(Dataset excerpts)
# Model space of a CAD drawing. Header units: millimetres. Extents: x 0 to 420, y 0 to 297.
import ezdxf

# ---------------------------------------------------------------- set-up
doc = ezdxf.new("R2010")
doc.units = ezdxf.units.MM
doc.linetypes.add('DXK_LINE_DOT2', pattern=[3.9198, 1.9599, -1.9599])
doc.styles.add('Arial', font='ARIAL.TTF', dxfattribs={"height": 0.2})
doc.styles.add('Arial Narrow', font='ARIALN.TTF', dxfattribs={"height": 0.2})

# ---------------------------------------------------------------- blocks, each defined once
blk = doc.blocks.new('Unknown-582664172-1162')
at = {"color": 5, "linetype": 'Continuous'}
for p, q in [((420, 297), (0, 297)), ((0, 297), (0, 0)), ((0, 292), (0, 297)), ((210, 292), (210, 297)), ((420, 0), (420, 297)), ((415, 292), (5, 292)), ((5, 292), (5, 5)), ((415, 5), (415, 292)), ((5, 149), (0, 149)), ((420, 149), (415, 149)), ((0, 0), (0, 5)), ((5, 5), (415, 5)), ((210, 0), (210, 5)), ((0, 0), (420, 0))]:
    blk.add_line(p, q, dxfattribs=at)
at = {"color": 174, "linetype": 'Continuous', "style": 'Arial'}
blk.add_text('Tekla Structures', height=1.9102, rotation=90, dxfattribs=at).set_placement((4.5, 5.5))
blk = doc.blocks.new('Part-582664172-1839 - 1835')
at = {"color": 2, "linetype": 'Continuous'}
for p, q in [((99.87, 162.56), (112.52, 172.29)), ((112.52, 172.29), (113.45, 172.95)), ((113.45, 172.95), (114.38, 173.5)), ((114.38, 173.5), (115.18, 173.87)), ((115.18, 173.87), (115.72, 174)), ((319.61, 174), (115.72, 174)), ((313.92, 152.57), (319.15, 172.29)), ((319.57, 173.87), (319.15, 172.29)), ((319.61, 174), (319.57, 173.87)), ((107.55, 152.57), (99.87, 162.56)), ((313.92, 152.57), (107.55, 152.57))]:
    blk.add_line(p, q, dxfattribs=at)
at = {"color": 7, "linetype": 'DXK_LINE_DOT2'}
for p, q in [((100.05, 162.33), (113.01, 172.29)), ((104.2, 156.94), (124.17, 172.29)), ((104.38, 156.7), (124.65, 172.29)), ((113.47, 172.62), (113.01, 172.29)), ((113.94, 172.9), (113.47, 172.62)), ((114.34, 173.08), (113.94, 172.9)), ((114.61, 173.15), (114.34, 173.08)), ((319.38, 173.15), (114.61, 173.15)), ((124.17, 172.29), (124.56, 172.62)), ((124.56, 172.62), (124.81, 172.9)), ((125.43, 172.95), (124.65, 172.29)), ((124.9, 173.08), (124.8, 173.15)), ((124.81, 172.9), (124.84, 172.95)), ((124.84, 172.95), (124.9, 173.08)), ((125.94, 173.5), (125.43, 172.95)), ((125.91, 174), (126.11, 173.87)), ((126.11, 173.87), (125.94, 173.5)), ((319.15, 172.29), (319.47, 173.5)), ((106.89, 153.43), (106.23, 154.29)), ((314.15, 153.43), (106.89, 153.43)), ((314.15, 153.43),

**WORK TO BE COMPLETED:** Filter the records above and copy every line that contains the word "blocks".

**EXPECTED ANSWER:**
# ---------------------------------------------------------------- blocks, each defined once
blk = doc.blocks.new('Unknown-582664172-1162')
blk = doc.blocks.new('Part-582664172-1839 - 1835')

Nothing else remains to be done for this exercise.